From these words the inference has often been
made that it will be only when Messiah comes in person to his nation and they
look up to him in person, that repentance will sweep through the whole of Jewry.
This view depends entirely on the phrase: "look upon him” and on no
other supporting passage. But more exactly the Hebrew reading is: "they shall
look unto him". This reading conveys a very different idea - that of
dependence in time of need. The preposition and meaning are the same as at the
end of Numbers 21:9.
It is important, however, to avoid the assumption
that this impressive Scripture requires that there must be universal repentance
in Jewry. If we must wait for that, Messiah will never come. Does not Zechariah
13:9 foretell that "I (God) will bring the third part (i.e. the minority)
through the fire, and will refine them as silver is refined... they shall call
on my name, and I will hear them: I will say, It is my people, and they shall
say, The Lord is my (not: our) God"?
Is it not a fact that right through history the
majority of Israel have been unworthy of their name? The prophets’ -
Isaiah and Amos especially- were constantly driven to make appeal to the
faithful remnant of the nation.
It is surely one of the most eloquent signs one
could wish to see that, whereas through long centuries conversion of Jews to any
form of Christian faith has been virtually impossible, today there exist in the
Land small scattered communities of practising Jews who believe Jesus to be the
Messiah. True, a big majority of these have come under the aegis of pentecostals
and other trinitarians. It is a well-earned reproach that the New Israel,
willing to spend any amount of money on sun-bathing and tourism in the Holy Land
have not bestirred themselves to find and help these Messianic Jews to a fuller
faith.
It is well known that in the United States and in
not a few other countries this belief in Jesus as Messiah has taken root amongst
Jewish communities. One is reliably informed that in London and other U.K.

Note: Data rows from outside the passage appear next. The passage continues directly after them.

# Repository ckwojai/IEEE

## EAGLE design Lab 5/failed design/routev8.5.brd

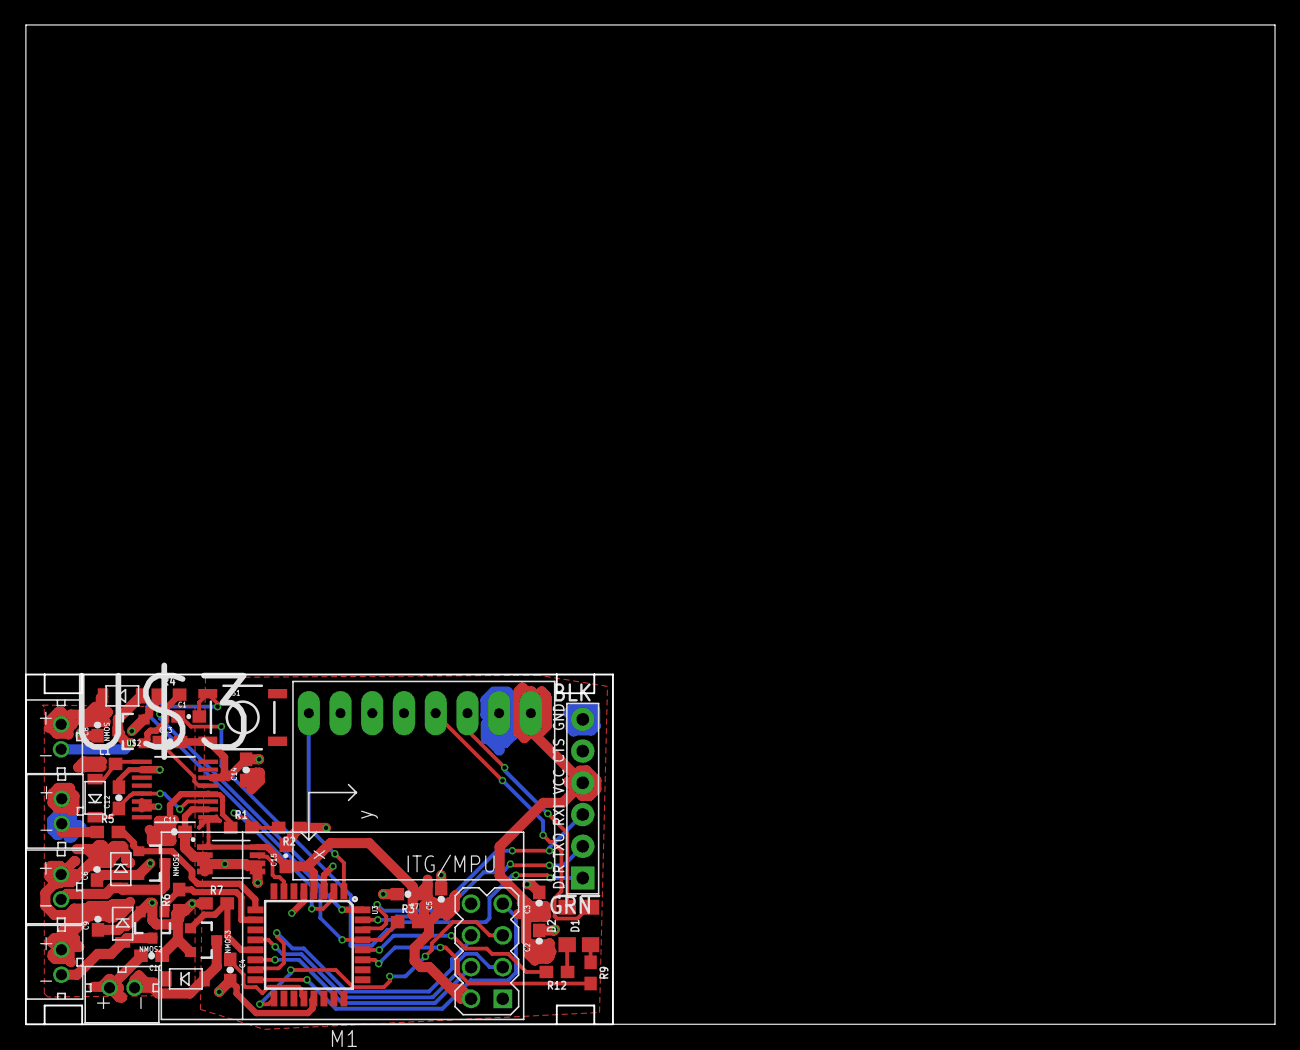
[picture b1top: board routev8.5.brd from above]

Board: 2 copper layers, 100.0 x 80.0 mm, 48 parts (0 on the bottom side), 33 nets.

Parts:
C1, C3, C4, C5, C7, C15: 100nF; 0603-CAP
C2: 10uF; 0603-CAP
C6, C8, C9, C10, C11, C12: 100uF; 0603-CAP
C13: 0.1uF; 0603-CAP
C14: 4.7uF; 0603-CAP
D1, D2: Yellow; LED-1206
DIODE, DIODE1, DIODE2, DIODE3, DIODE4: DB2W40300L; MINI2-F3-B
J2: FTDI_DEVICE; FTDI_DEVICE_SIDE
L1: 10uH; 0603
M1: WIRELESS-NRF24L01
MOTOR, MOTOR1, MOTOR2, MOTOR3: JST_CONNECTOR_FEMALE
NMOS, NMOS1, NMOS2, NMOS3: N-CHANNEL-MOSFET-IRLML6244TRPBF; SOT23-3
R1, R2: 2.2k; 0603
R3, R4, R5, R6, R7: 10k; 0603
R9, R12: 1k; 0603
S1: SWITCH-MOMENTARY-2SMD; TACTILE-SWITCH-SMD
U2: GY-521MPU6050; GY-521
U3: ATMEGA328P_TQFP; TQFP32-08
U$1: JST_CONNECTOR_FEMALE
U$2: MAX1672'MAX1672'; 21-0055H_16
U$3: LTC6930CMS8-8.19LTC6930CMS8-8.19; SOP65P490X110-8N

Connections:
BATTERY+: C6.2, C8.2, C9.2, C10.2, C11.1, DIODE.NEG, DIODE1.NEG, DIODE2.NEG, DIODE3.NEG, L1.1, MOTOR.+, MOTOR1.+, MOTOR2.+, MOTOR3.+, R1.1, U$1.+, U$2.12
FTDI-RX: J2.P$3, U3.30
FTDI-TX: J2.P$2, U3.31
GND: C2.2, C3.2, C4.2, C5.2, C6.1, C7.2, C8.1, C9.1, C10.1, C11.2, C12.2, C13.2, C14.2, C15.2, J2.P$6, M1.1, NMOS.2, NMOS1.2, NMOS2.2, NMOS3.2, R2.1, R4.1, R5.1, R6.1, R7.1, S1.3, U2.GND, U3.3, U3.5, U3.21, U$1.-, U$2.2, U$2.6, U$2.7, U$2.10, U$2.14, U$3.2, U$3.3, U$3.4, U$3.5, U$3.6
IMU-INT: U2.INT, U3.1
IMU-SCL: D2.C, U2.SCL
IMU-SDA: D1.C, U2.SDA
MEASURE_PIN: R1.2, R2.2, U3.2
MOTOR1: NMOS.1, R4.2, U3.32
MOTOR2: NMOS1.1, R5.2, U3.9
MOTOR3: NMOS2.1, R6.2, U3.10
MOTOR4: NMOS3.1, R7.2, U3.13
unnamed: DIODE4.POS, L1.2, U$2.1
unnamed: C4.1, U3.20
unnamed: D1.A, R9.1
unnamed: DIODE1.POS, MOTOR1.-, NMOS1.3
unnamed: DIODE2.POS, MOTOR2.-, NMOS2.3
unnamed: DIODE.POS, MOTOR.-, NMOS.3
unnamed: DIODE3.POS, MOTOR3.-, NMOS3.3
unnamed: R9.2, U3.27
unnamed: D2.A, R12.1
unnamed: R12.2, U3.28
unnamed: C1.1, J2.P$1
OSC1: U3.7, U$3.7
RESET: C1.2, R3.1, S1.1, U3.29
RF-CE: M1.3, U3.12
RF-CSN: M1.4, U3.14
RF-MISO: M1.7, U3.16
RF-MOSI: M1.6, U3.15
RF-SCK: M1.5, U3.17
VCC: C2.1, C3.1, C5.1, C7.1, C14.1, C15.1, J2.P$4, M1.2, R3.2, U2.VCC, U3.4, U3.18, U$2.9, U$3.1, U$3.8
VR-PS: C12.1, DIODE4.NEG, U$2.5, U$2.11
VR-REF: C13.1, U$2.13

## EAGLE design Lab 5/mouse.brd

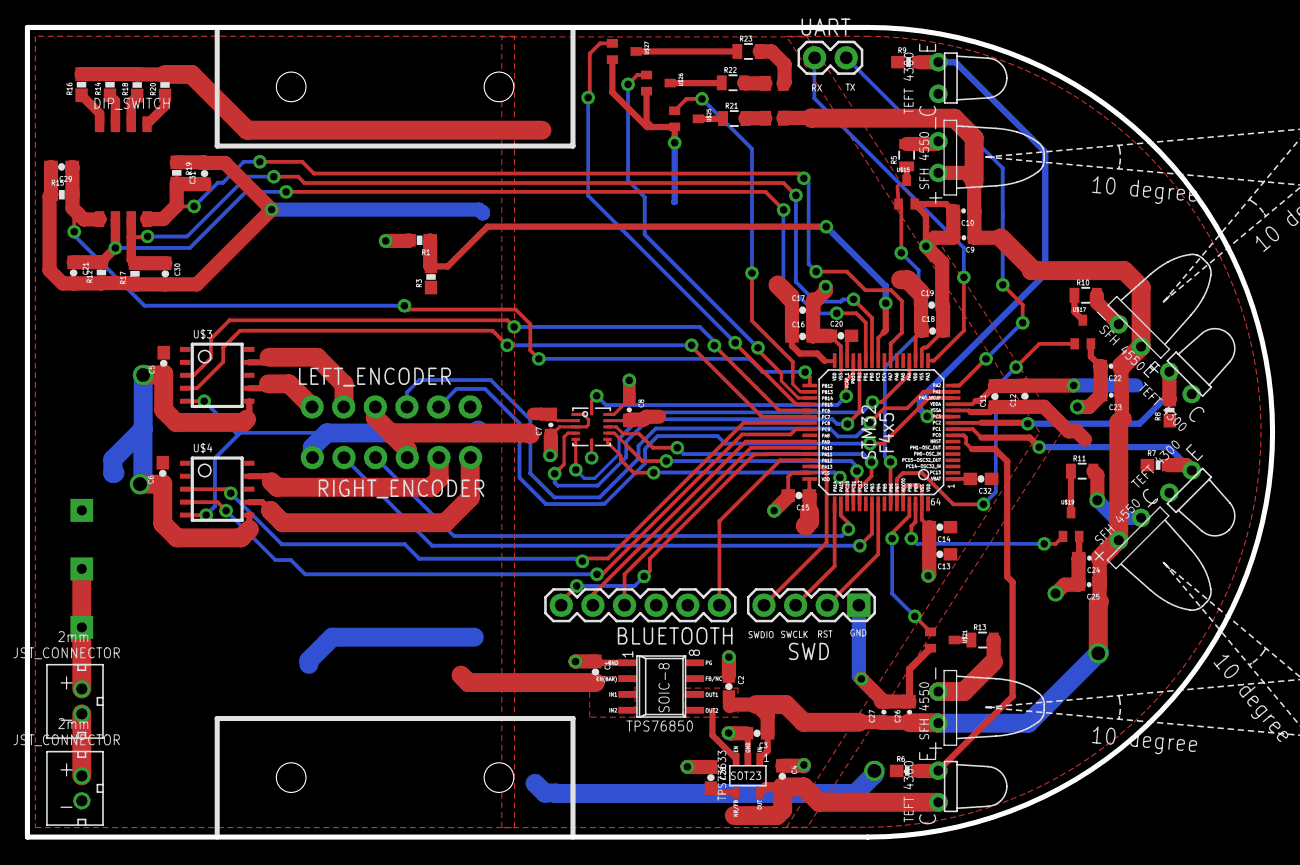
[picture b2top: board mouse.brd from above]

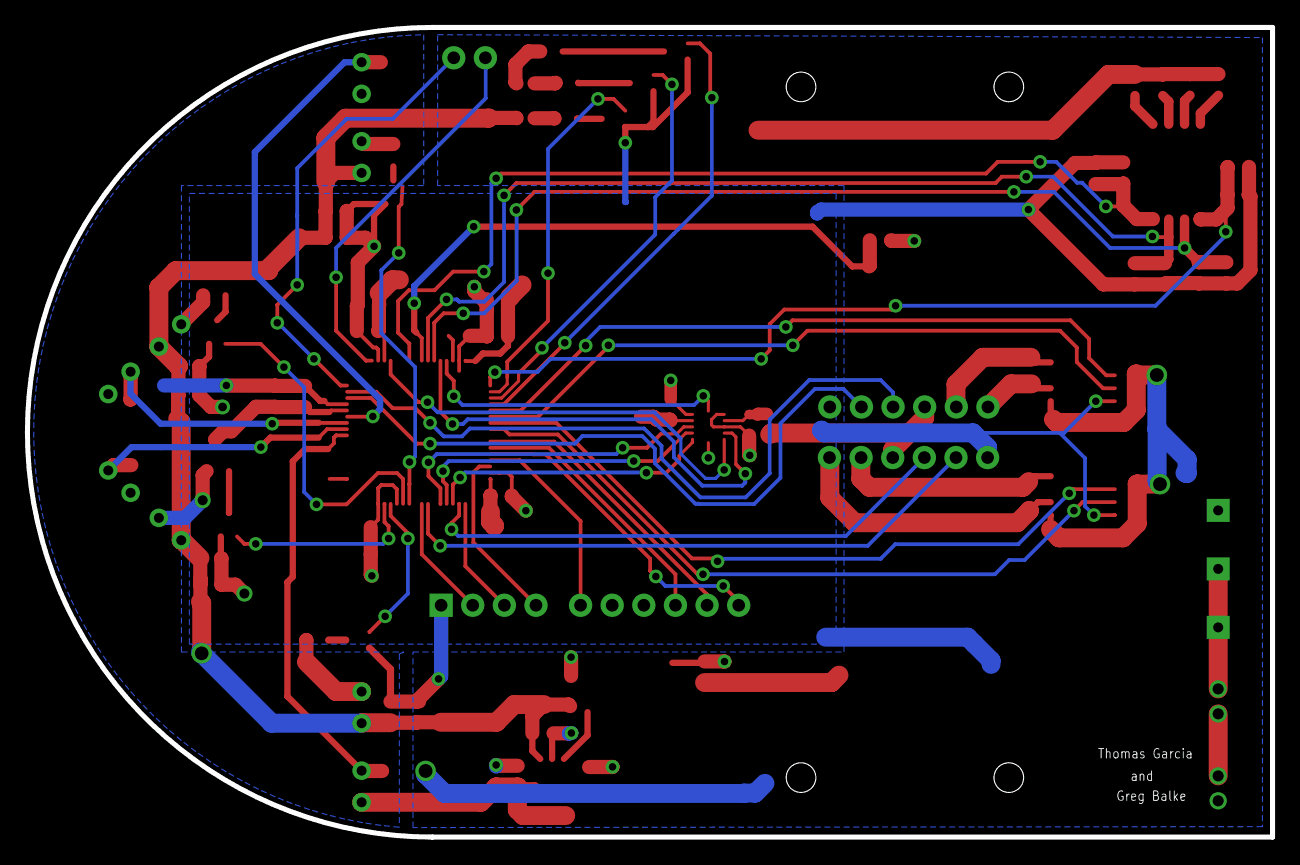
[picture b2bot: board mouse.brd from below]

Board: 2 copper layers, 100.0 x 65.0 mm, 94 parts (3 on the bottom side), 80 nets.

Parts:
BAT1, BAT2: JST_CONNECTOR_FEMALE
BLUETOOTH: 1X06
C1, C3, C7, C8, C9, C11, C13, C14, C15, C16, C17, C18, C21, C22, C24, C26, C29, C30, C31, C32: 100nF; 0603-CAP
C2, C4: 10uF; 0603-CAP
C5, C6, C12: 1uF; 0603-CAP
C10, C19, C20, C23, C25, C27: 4.7uF; 0603-CAP
C28: 10nF; 0603-CAP
DIP_SWITCH: 218_4LPSTR
LEFT_ENCODER: 1X06_NO_SILK
R1: 33k; 0603-RES
R3: 51k; 0603-RES
R5, R10, R11, R13: 36; 0805
R6, R7, R8, R9: 1.8k; 0603-RES
R12, R15, R17, R19: 10k; 0603-RES
R14, R16, R18, R20: 360; 0603-RES
R21, R22: 82; 0805
R23: 150; 0805
RIGHT_ENCODER: 1X06_NO_SILK
SWD: 1X04
U$1, U$2, U$9, U$13, U$14, U$29, U$30, U$31, U$32, U$33: SPLITTER
U$3, U$4: LB1930MCSMD; LB1930MC
U$5: XZMECBDDG45S; 4-PLCC
U$6: BMG160
U$7, U$16, U$18, U$34: EMITTER
U$8, U$10, U$11, U$12: RECEIVER
U$15, U$17, U$19, U$21, U$25, U$26, U$27: DMG1012UW
U$22: TPS76850(SOIC-8)
U$23: TPS73633(SOT-23)
U$24: STM32F411RE_LQFP64
U$28: 500SSP1S2M2QEA
UART: 1X02

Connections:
5V: C2.2, C3.1, C9.1, C10.1, C22.1, C23.1, C24.1, C25.1, C26.1, C27.1, U$5.VCC, U$7.+, U$16.+, U$18.+, U$22.OUT1, U$22.OUT2, U$23.EN, U$23.IN, U$34.+
AGND: C11.1, C12.1, R6.1, R7.1, R8.1, R9.1, U$9.1, U$24.VSSA
BAT: C1.2, C5.2, C6.2, R3.1, U$3.1, U$4.1, U$22.EN(BAR), U$22.IN1, U$22.IN2, U$28.1
BAT_DIVIDER: R1.1, R3.2, U$24.PC5
BLUE_GATE: U$24.PB13, U$25.GATE
BRX: BLUETOOTH.4, U$24.PA10
BTX: BLUETOOTH.5, U$24.PA9
BUTTON1: C29.1, DIP_SWITCH.OUT1, R15.2, U$24.PB12
BUTTON2: C21.1, DIP_SWITCH.OUT2, R12.2, U$24.PB1
BUTTON3: C30.1, DIP_SWITCH.OUT3, R17.2, U$24.PB0
BUTTON4: C31.1, DIP_SWITCH.OUT4, R19.2, U$24.PA7
CTS: BLUETOOTH.6, U$24.PA11
DGND: BLUETOOTH.3, C7.1, C8.1, C9.2, C10.2, C13.2, C14.2, C15.2, C16.2, C17.2, C18.2, C19.2, C20.1, C21.2, C22.2, C23.2, C24.2, C25.2, C26.2, C27.2, C29.2, C30.2, C31.2, LEFT_ENCODER.6, R12.1, R15.1, R17.1, R19.1, RIGHT_ENCODER.6, SWD.1, U$2.1, U$3.5, U$4.5, U$6.P$1, U$6.P$3, U$6.P$6, U$6.P$11, U$15.SOURCE, U$17.SOURCE, U$19.SOURCE, U$21.SOURCE, U$24.BOOT0, U$24.VSS_0, U$24.VSS_1, U$24.VSS_2, U$24.VSS_3, U$25.SOURCE, U$26.SOURCE, U$27.SOURCE
FRONT_LEFT_EMITTER: U$17.GATE, U$24.PB7
FRONT_LEFT_RECEIVER: R8.2, U$11.E, U$24.PC2
FRONT_RIGHT_EMITTER: U$19.GATE, U$24.PB9
FRONT_RIGHT_RECEIVER: R7.2, U$10.E, U$24.PC1
GND: BAT1.-, C1.1, C2.1, C3.2, C4.1, C28.1, R1.2, U$1.2, U$2.2, U$9.2, U$22.GND, U$23.GND
GREEN_GATE: U$24.PB14, U$26.GATE
GYRO_INT1: U$6.P$4, U$24.PB2
GYRO_INT2: U$6.P$12, U$24.PB10
LEFT_A: LEFT_ENCODER.4, U$24.PA1
LEFT_B: LEFT_ENCODER.5, U$24.PA0_WKUP
LEFT_BWD: U$3.3, U$24.PC6
LEFT_EMITTER: U$15.GATE, U$24.PB6
LEFT_FWD: U$3.4, U$24.PC7
LEFT_RECEIVER: R9.2, U$12.E, U$24.PC3
MGND: C5.1, C6.1, U$1.1, U$3.10, U$4.10
MISO: U$6.P$8, U$24.PC11
MOSI: U$6.P$9, U$24.PC12
unnamed: BAT1.+, BAT2.-
unnamed: RIGHT_ENCODER.2, U$4.7
unnamed: RIGHT_ENCODER.1, U$4.9
unnamed: LEFT_ENCODER.2, U$3.7
unnamed: LEFT_ENCODER.1, U$3.9
unnamed: R5.2, U$34.-
unnamed: BAT2.+, U$28.2, U$28.3
unnamed: C20.2, U$24.VCAP_1
unnamed: R5.1, U$15.DRAIN
unnamed: R10.2, U$7.-
unnamed: R10.1, U$17.DRAIN
unnamed: R11.2, U$16.-
unnamed: R21.2, U$5.BLUE
unnamed: R11.1, U$19.DRAIN
unnamed: R13.2, U$18.-
unnamed: R13.1, U$21.DRAIN
unnamed: C28.2, U$23.NR/FB
unnamed: C4.2, U$13.2, U$14.2, U$23.OUT
unnamed: C32.2, U$24.VBAT
unnamed: DIP_SWITCH.IN2, R14.1
unnamed: DIP_SWITCH.IN1, R16.1
unnamed: R22.2, U$5.GREEN
unnamed: DIP_SWITCH.IN3, R18.1
unnamed: R23.2, U$5.RED
unnamed: DIP_SWITCH.IN4, R20.1
unnamed: R22.1, U$26.DRAIN
unnamed: R21.1, U$25.DRAIN
unnamed: R23.1, U$27.DRAIN
unnamed: C8.2, U$6.P$10, U$32.2
unnamed: C7.2, U$6.P$2, U$31.2
RED_GATE: U$24.PB15, U$27.GATE
RIGHT_A: RIGHT_ENCODER.4, U$24.PA15
RIGHT_B: RIGHT_ENCODER.5, U$24.PB3
RIGHT_BWD: U$4.3, U$24.PC8
RIGHT_EMITTER: U$21.GATE, U$24.PB8
RIGHT_FWD: U$4.4, U$24.PC9
RIGHT_RECEIVER: R6.2, U$8.E, U$24.PC0
RST: SWD.2, U$24.PB4
RTS: BLUETOOTH.1, U$24.PA12
RX: U$24.PA3, UART.1
SCK: U$6.P$7, U$24.PC10
SS: U$6.P$5, U$24.PA4
SWCLK: SWD.3, U$24.PA14
SWDIO: SWD.4, U$24.PA13
TX: U$24.PA2, UART.2
VDD: BLUETOOTH.2, C13.1, C14.1, C32.1, LEFT_ENCODER.3, R14.2, R16.2, R18.2, R20.2, RIGHT_ENCODER.3, U$13.1, U$24.VDD_3, U$29.2, U$30.2, U$31.1, U$32.1, U$33.1
VDD15: C15.1, U$24.VDD_2, U$33.2
VDDA: C11.2, C12.2, U$8.C, U$10.C, U$11.C, U$12.C, U$14.1, U$24.VDDA
VDD_0: C18.1, C19.1, U$24.VDD_0, U$30.1
VDD_1: C16.1, C17.1, U$24.VDD_1, U$29.1

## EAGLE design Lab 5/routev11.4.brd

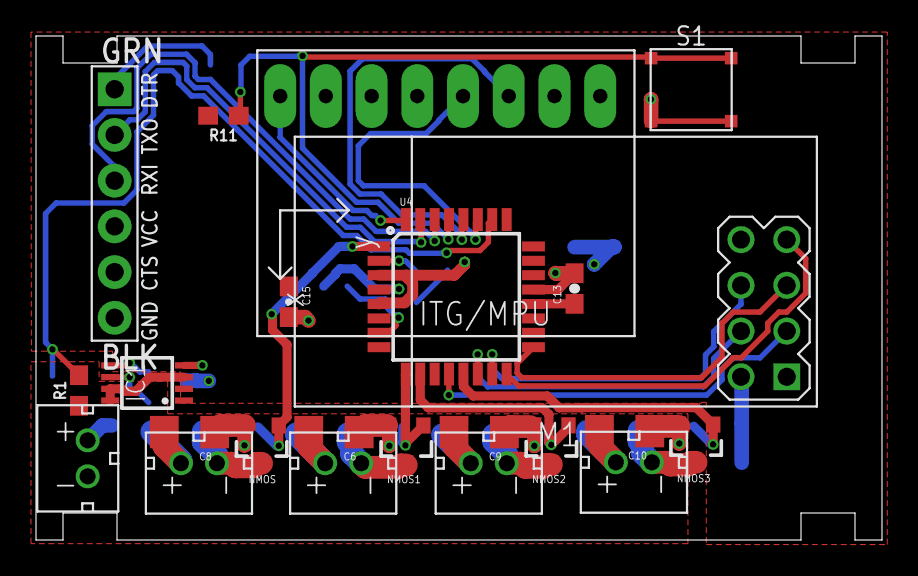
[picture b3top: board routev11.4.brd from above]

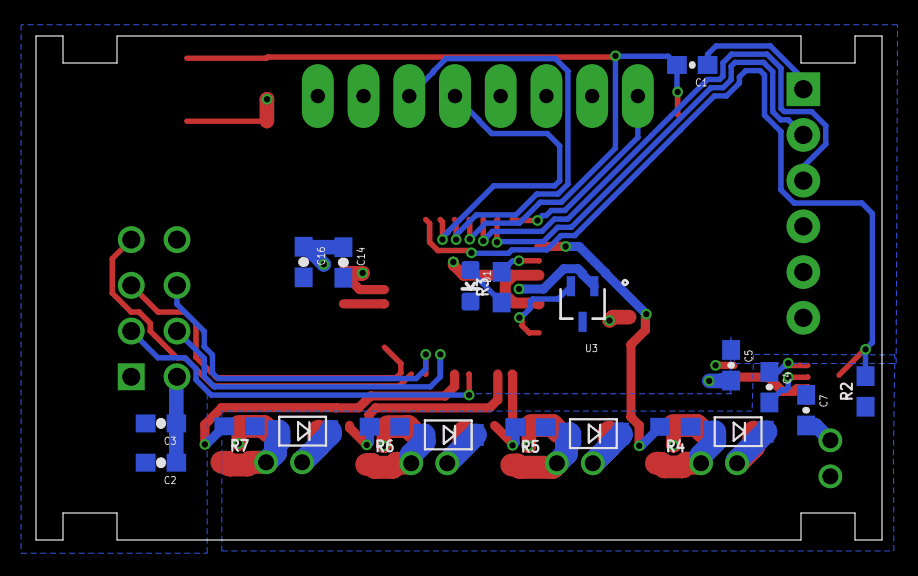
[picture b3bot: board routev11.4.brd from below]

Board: 2 copper layers, 47.0 x 28.0 mm, 43 parts (20 on the bottom side), 30 nets.

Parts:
C1, C3, C13, C14, C15, C16: 100nF; 0603-CAP
C2, C5, C7: 10uF; 0603-CAP
C4: 1uF; 0603-CAP
C6, C8, C9, C10: 100uF; 1206
D1: BLUE; LED-0603
DIODE, DIODE1, DIODE2, DIODE3: DB2W40300L; MINI2-F3-B
IC1: MCP1253-ADJ; MSOP8
J1: FTDI_DEVICE; FTDI_DEVICE_SIDE
M1: WIRELESS-NRF24L01
MOTOR1, MOTOR2, MOTOR3, MOTOR4: JST_CONNECTOR_FEMALE
NMOS, NMOS1, NMOS2, NMOS3: N-CHANNEL-MOSFET-IRLML6244TRPBF; SOT23-3
R1, R2, R3: 2.2k; 0603
R4, R5, R6, R7, R11: 10k; 0603
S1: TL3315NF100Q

cities, there are synagogues where practising Jews unobtrusively graft on to
their Judaism a belief that when Messiah comes he will be none other than Jesus
of Nazareth.
In the U.S.A. Messianic Jews regularly advertise
in the newspapers.
In Cleveland, Ohio, there exists a synagogue,
which has broken away from Jewish orthodoxy, all its members’ happi1y
believing in Jesus as their Messiah.
When it is considered that for generations
Christian societies for the conversion of Jews have had virtually no success to
report, this modem development is striking indeed.
It will, of course, be urged, as it already has
been, that this belief in Jesus is mostly a very fragmentary and inaccurate
affair, really worth very little. There is no doubt some truth in this. But
nothing can be more certain than that there is joy in heaven over even a partial
conversion of those whose hardness of heart regarding Jesus has hitherto been
phenomenal, and even heart-breaking, to those who would fain see stony hearts
change. Even in the days when Jesus and the apostles were among men, it might be
questioned just how fully those publicans and sinners and Samaritans would
assent to the thirty searching paragraphs in the B.A.S.F.!
And when some were preaching Christ even of envy
and strife, of contention and not sincerely, being intent on adding affliction
to Paul's bonds, that amazing man responded with "Notwithstanding . . . Christ
is preached, and I therein do rejoice" (Phil. 1:1-18).
In such barren ground as this, an austere demand
for perfection is out of place.
Every year an annual march takes place in
Jerusalem. It includes all kinds of Jewish organisations. Every shade of
political and religious opinion in Israel is represented. In 1987 it was
heartening to hear the broadcaster announce: "And now, here come the Messianic
Jews!”
In 1988 there was a conference in Jerusalem of
several hundred Messianic Jews
Such developments as these are at best straws in
the wind, but they do show that there is a breeze.